## Requirement
Check each line below for the word "with", and copy those that have it.

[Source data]

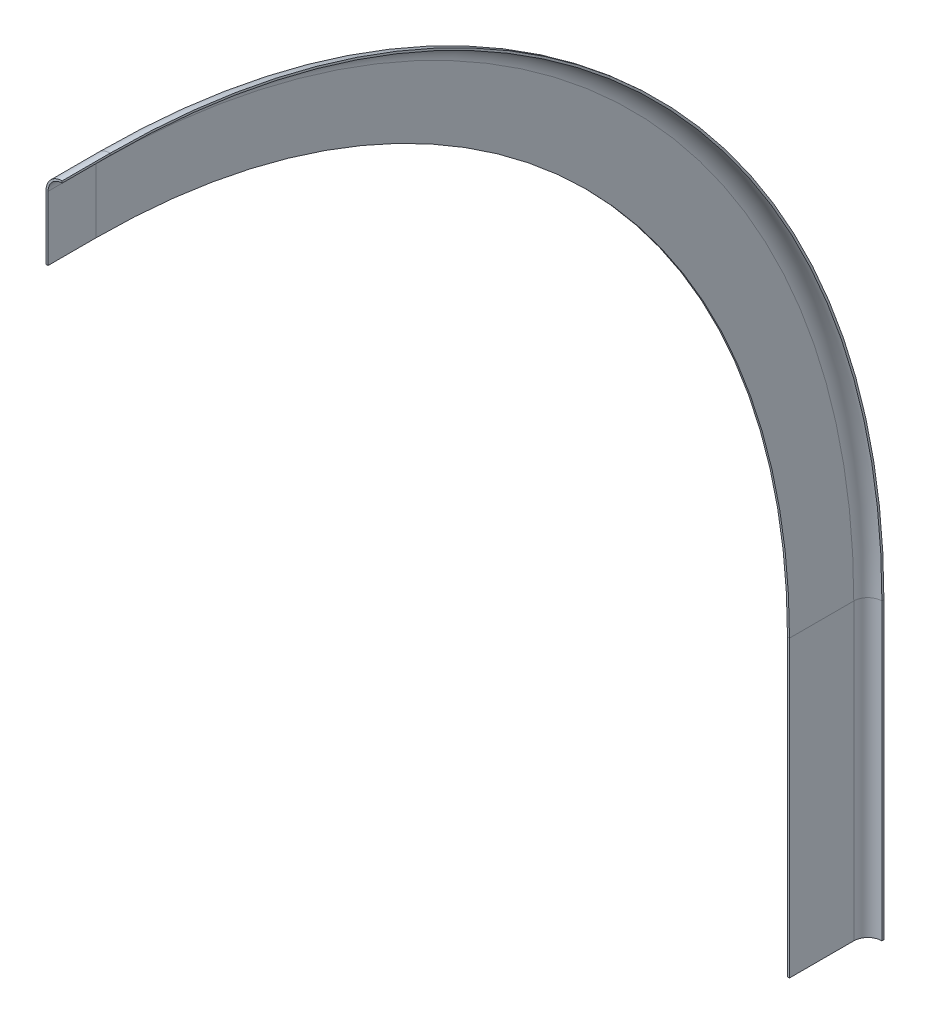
from build123d import *


with BuildPart() as part:
    # Sweep1: sweep along a path in Curve Path
    with BuildLine(Plane.YZ) as sweep1_path:
        Line((-844.7111, -648.5125), (-379.5689, -648.5125))
        ThreePointArc((-379.5689, -648.5125), (485.005258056, -290.394158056), (843.1236, 574.18))
        Line((843.1236, 574.18), (843.1236, 650.1))
    # Body → Sweep1 (sweep)
    with BuildSketch(Plane(origin=(0, -844.7111, 0), x_dir=(-1, 0, 0), z_dir=(0, 1, 0))):
        with BuildLine():
            Line((118.11, -623.1125), (118.11, -521.5125))
            Line((118.11, -521.5125), (114.935, -521.5125))
            Line((114.935, -521.5125), (114.935, -623.1125))
            ThreePointArc((114.935, -623.1125), (108.425448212, -638.827948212), (92.71, -645.3375))
            Line((92.71, -645.3375), (92.71, -648.5125))
            ThreePointArc((92.71, -648.5125), (110.670512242, -641.073012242), (118.11, -623.1125))
        make_face()
    sweep(path=sweep1_path.line)


solid = part.part
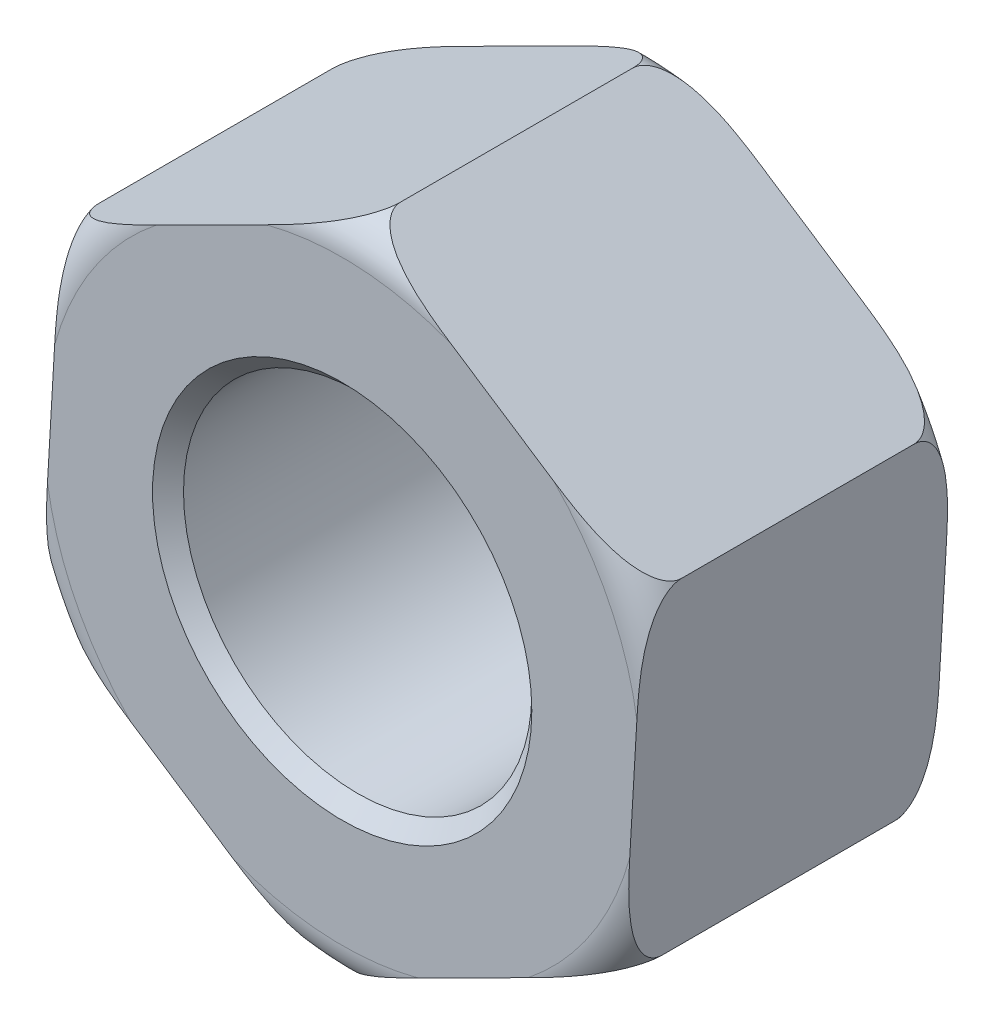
from build123d import *

# Parameters (mm, degrees)
ESQUISSE1_R             = 4.35
ESQUISSE1_R_2           = 2.25
EXTRUSION1_DEPTH        = 4
CONG_1_R                = 0.5
ESQUISSE2_OUTSIDE_W     = 13.288
ESQUISSE2_OUTSIDE_H     = 13.288
ENL_V_MAT_EXTRU_1_DEPTH = 4
CHANFREIN1_SIZE         = 0.2


with BuildPart() as part:
    # Esquisse1 → Extrusion1 (new body)
    with BuildSketch(Plane.XY):
        Circle(ESQUISSE1_R)
        Circle(ESQUISSE1_R_2, mode=Mode.SUBTRACT)
    extrude(amount=EXTRUSION1_DEPTH)

    # Cong_1
    cong_1_edges = [part.edges().sort_by_distance(p)[0] for p in [
        (-4.35, 0, 0),
        (-4.35, 0, 4),
    ]]
    fillet(cong_1_edges, radius=CONG_1_R)

    # Esquisse2 outside → Enl_v. mat.-Extru.1 (cut)
    with BuildSketch(Plane.XY.offset(4)):
        Rectangle(ESQUISSE2_OUTSIDE_W, ESQUISSE2_OUTSIDE_H)
        Polygon((3.8871115, 1.952655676), (0.25250633, 4.342665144), (-3.63460517, 2.390009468), (-3.8871115, -1.952655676), (-0.25250633, -4.342665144), (3.63460517, -2.390009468), align=None, mode=Mode.SUBTRACT)
    extrude(amount=-ENL_V_MAT_EXTRU_1_DEPTH, mode=Mode.SUBTRACT)

    # Chanfrein1
    chanfrein1_edges = [part.edges().sort_by_distance(p)[0] for p in [
        (-2.25, 0, 0),
        (-2.25, 0, 4),
    ]]
    chamfer(chanfrein1_edges, length=CHANFREIN1_SIZE)


solid = part.part

## Written response
with BuildPart() as part:
    with BuildLine(Plane.YZ) as sweep1_path:
    with BuildSketch(Plane(origin=(0, -844.7111, 0), x_dir=(-1, 0, 0), z_dir=(0, 1, 0))):
        with BuildLine():
with BuildPart() as part:
    with BuildSketch(Plane.XY):
    with BuildSketch(Plane.XY.offset(4)):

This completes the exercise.